May 8 (Reuters) - A firm linked to Thailand's national AI initiative is suspected of helping smuggle billions of dollars' worth of Super Micro Computer servers containing advanced Nvidia chips to China,
Bloomberg News reported on Friday, citing people familiar with the matter.
The intermediary buyer was an unnamed Southeast Asian firm referred to by prosecutors as "Company-1", which Bloomberg identified as Bangkok-based OBON Corp, citing the sources.
Alibaba Group Holding was among the end customers, the report added.
Reuters could not immediately verify the report. Nvidia, Super Micro Computers and Alibaba Group also did not immediately respond to Reuters' requests for comment, while OBON could not be immediately reached.
An Alibaba spokesperson told Bloomberg that the company has no business relationship with Super Micro, OBON or any third-party brokers mentioned in the indictment.
In March, the U.S. Justice Department charged Super Micro co-founder Yih-Shyan Liaw, sales manager Ruei-Tsang Chang and contractor Ting-Wei Sun with running a scheme to route U.S.-made servers through Taiwan to Southeast Asia, where they were repackaged into unmarked boxes and smuggled into China.
Prosecutors alleged the group moved at least $2.5 billion in U.S. AI technology, including more than $500 million shipped between April and mid-May 2025.

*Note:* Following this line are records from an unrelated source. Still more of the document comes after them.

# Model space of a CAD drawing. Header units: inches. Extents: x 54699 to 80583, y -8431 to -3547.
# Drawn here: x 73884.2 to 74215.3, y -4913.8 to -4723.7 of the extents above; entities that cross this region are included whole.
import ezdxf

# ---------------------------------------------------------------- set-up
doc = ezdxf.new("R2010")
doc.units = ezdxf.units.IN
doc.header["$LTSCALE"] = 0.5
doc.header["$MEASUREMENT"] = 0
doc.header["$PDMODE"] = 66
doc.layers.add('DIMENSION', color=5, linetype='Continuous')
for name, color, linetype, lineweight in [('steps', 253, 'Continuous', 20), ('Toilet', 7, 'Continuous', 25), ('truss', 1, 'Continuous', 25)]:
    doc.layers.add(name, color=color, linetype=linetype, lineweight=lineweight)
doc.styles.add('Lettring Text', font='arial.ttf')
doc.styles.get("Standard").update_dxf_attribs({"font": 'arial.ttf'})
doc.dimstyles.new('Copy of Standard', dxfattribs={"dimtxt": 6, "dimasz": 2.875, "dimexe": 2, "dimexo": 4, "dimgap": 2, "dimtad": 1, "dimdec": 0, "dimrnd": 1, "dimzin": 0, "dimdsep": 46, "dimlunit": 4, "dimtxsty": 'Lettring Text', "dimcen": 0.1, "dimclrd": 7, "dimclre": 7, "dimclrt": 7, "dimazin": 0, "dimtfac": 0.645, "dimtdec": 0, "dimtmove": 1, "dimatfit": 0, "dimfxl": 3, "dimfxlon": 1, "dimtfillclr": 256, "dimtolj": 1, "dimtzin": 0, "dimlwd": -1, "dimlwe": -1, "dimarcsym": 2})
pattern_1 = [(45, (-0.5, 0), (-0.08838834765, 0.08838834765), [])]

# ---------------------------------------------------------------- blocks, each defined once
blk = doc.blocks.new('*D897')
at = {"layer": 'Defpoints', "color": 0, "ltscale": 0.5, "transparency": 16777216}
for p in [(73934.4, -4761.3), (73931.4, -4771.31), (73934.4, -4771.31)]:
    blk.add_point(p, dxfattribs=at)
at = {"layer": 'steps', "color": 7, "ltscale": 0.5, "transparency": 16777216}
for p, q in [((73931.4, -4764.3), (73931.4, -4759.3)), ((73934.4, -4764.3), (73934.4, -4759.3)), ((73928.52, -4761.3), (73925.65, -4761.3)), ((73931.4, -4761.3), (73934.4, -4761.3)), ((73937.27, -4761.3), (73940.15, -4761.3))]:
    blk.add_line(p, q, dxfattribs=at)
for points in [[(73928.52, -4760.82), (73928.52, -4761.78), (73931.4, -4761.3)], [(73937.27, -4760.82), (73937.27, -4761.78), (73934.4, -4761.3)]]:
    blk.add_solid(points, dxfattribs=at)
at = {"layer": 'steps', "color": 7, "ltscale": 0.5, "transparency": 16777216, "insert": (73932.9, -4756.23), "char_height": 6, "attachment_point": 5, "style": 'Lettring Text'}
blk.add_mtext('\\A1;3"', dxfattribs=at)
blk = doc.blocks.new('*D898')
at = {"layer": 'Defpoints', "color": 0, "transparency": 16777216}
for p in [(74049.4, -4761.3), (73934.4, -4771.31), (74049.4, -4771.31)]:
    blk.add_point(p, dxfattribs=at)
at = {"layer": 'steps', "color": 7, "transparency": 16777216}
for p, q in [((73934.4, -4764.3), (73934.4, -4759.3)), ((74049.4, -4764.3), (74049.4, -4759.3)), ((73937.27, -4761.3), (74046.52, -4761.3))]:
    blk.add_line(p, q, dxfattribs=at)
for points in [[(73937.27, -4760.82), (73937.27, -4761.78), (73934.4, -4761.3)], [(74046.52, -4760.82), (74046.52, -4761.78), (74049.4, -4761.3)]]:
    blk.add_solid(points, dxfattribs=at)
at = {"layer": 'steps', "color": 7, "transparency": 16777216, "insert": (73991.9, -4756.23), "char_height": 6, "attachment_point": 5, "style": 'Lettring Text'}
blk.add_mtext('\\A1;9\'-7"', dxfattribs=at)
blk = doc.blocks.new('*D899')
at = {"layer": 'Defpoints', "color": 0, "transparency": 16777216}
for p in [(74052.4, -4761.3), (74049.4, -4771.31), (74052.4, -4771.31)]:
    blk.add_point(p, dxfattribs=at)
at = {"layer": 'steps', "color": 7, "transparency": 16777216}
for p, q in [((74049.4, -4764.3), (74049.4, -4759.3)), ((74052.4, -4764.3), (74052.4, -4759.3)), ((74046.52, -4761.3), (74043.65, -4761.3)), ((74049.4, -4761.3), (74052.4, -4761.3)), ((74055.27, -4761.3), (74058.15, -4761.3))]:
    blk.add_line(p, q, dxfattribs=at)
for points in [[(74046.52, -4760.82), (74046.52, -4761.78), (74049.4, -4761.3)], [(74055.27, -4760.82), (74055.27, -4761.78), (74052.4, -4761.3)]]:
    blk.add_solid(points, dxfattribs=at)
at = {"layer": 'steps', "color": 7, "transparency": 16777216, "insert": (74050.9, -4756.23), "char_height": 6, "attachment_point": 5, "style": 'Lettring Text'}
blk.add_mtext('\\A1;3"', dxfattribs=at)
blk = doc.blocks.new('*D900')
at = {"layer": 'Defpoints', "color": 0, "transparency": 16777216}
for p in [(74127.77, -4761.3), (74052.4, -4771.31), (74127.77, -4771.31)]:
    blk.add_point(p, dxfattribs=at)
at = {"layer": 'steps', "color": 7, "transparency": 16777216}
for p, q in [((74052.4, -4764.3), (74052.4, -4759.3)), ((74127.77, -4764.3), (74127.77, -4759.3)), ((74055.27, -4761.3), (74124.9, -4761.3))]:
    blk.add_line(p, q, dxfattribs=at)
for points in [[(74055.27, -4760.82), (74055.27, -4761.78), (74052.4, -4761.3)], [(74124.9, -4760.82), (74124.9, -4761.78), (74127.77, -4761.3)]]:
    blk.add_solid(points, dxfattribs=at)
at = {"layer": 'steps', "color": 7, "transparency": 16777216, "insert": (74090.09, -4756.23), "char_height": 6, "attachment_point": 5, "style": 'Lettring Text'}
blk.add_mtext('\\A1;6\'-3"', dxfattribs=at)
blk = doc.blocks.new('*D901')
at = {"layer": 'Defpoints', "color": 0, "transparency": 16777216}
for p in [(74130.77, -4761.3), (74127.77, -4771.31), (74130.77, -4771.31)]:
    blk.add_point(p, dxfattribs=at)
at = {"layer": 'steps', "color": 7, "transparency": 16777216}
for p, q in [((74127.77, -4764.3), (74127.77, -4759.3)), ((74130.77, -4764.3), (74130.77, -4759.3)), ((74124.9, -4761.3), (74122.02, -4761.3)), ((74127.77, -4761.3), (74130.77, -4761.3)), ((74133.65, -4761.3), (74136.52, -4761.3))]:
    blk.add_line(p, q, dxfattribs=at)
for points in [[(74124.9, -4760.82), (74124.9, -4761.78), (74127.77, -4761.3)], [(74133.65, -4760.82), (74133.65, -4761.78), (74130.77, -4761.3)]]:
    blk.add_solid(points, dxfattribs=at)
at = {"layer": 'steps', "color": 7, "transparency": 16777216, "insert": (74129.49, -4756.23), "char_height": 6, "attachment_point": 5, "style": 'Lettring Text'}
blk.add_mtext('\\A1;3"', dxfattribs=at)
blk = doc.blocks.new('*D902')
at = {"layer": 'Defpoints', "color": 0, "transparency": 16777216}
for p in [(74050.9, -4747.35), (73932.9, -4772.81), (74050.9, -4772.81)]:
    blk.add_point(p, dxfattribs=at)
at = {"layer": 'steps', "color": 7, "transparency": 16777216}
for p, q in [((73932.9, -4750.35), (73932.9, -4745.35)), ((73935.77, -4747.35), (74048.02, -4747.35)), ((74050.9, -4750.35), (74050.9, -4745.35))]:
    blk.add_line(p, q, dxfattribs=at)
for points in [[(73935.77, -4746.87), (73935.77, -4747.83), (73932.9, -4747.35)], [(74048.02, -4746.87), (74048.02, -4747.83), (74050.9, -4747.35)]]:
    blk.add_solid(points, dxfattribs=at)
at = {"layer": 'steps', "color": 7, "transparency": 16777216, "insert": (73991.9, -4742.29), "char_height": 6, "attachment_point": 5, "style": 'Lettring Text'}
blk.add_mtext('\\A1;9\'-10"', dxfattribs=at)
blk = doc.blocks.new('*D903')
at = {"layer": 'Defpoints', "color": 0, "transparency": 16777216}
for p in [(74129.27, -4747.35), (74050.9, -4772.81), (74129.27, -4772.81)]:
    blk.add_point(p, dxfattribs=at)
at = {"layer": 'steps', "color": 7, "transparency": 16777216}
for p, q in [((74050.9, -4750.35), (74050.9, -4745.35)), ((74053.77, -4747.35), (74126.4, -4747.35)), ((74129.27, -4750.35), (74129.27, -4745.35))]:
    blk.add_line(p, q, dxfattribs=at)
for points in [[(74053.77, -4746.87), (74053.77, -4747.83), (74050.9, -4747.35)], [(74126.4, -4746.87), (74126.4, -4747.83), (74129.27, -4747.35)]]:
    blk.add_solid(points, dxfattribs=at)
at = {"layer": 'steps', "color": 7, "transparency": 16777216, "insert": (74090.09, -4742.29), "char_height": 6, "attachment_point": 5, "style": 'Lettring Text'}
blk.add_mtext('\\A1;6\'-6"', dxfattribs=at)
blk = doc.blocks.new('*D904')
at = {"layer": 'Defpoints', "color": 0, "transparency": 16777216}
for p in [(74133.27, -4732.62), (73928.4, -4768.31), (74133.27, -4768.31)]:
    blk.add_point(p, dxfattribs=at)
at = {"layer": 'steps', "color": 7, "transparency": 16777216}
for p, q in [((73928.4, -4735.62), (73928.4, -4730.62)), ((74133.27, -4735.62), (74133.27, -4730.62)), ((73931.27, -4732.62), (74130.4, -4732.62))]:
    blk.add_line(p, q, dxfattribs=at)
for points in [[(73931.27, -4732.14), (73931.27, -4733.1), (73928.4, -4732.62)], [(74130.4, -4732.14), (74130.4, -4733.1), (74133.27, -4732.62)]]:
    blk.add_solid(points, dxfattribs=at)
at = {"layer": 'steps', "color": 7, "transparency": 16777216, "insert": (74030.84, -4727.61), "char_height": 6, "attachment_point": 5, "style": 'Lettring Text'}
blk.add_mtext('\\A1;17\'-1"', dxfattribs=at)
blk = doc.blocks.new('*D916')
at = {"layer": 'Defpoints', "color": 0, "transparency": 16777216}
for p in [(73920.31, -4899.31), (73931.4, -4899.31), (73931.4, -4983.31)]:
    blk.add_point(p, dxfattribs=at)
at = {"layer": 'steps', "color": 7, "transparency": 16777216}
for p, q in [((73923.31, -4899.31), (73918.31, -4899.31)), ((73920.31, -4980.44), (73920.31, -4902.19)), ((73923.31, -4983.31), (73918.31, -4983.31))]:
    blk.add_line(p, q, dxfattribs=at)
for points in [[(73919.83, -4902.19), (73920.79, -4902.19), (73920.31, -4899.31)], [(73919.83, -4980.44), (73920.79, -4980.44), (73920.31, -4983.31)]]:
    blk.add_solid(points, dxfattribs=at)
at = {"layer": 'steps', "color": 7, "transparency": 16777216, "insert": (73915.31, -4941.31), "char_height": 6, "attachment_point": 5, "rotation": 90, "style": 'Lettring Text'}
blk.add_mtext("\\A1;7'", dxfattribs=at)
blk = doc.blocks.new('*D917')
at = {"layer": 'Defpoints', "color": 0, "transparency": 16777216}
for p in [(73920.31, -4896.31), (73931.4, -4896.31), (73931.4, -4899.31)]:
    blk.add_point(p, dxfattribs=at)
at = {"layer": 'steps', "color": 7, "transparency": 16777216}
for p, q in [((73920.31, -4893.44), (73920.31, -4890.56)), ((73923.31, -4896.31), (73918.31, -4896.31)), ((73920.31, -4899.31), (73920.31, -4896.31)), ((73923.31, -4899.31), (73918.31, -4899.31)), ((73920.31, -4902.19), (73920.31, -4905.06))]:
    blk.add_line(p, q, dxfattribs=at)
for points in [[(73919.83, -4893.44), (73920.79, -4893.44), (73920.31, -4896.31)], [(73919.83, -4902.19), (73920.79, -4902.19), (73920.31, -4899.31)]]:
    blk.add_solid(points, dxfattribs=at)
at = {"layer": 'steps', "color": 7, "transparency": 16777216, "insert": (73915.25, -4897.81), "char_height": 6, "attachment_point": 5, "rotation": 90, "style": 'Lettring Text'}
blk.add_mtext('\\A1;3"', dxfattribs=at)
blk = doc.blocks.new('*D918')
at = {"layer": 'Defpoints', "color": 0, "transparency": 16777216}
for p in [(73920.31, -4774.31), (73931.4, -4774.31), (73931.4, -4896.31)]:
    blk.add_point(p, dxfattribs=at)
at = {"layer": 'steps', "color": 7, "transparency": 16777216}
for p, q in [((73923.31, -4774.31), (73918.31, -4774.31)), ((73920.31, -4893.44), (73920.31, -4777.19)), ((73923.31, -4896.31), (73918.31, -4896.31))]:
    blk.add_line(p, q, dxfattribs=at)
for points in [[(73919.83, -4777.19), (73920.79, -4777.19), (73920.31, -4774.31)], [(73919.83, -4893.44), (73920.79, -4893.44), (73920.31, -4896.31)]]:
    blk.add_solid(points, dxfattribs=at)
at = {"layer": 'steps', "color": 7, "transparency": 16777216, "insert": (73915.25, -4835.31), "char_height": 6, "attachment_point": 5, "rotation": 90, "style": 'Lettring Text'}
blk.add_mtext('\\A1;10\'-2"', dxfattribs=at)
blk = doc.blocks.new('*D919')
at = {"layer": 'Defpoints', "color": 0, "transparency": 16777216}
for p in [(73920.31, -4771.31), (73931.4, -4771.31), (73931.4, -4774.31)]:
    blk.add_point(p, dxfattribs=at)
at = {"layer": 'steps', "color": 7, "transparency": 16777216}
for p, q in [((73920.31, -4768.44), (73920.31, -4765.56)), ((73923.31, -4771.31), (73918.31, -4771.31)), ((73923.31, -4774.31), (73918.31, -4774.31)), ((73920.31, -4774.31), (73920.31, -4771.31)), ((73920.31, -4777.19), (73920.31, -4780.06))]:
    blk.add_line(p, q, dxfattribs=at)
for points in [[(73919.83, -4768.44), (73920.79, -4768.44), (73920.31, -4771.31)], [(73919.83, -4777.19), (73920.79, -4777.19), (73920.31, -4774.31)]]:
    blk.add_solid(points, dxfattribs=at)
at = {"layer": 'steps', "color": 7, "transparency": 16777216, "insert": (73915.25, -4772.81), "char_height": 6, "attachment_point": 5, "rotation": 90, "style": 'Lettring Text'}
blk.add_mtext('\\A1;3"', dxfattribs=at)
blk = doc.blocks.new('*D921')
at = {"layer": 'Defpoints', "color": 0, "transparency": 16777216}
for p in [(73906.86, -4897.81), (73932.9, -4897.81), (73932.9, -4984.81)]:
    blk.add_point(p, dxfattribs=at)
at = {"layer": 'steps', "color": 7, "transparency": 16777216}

Some of the $2.5 billion servers sold to OBON allegedly went to Alibaba, the report added.
The United States banned the export of high-end chips from Nvidia to China in 2022 amid concerns that they could be used for military purposes, though it later approved sales of Nvidia's second-most powerful H200 chips in January this year under certain conditions.
Separately, Super Micro shareholders sued the Silicon Valley server maker in March, accusing it of securities fraud by allegedly concealing its reliance on sales to China that violated U.S. export laws.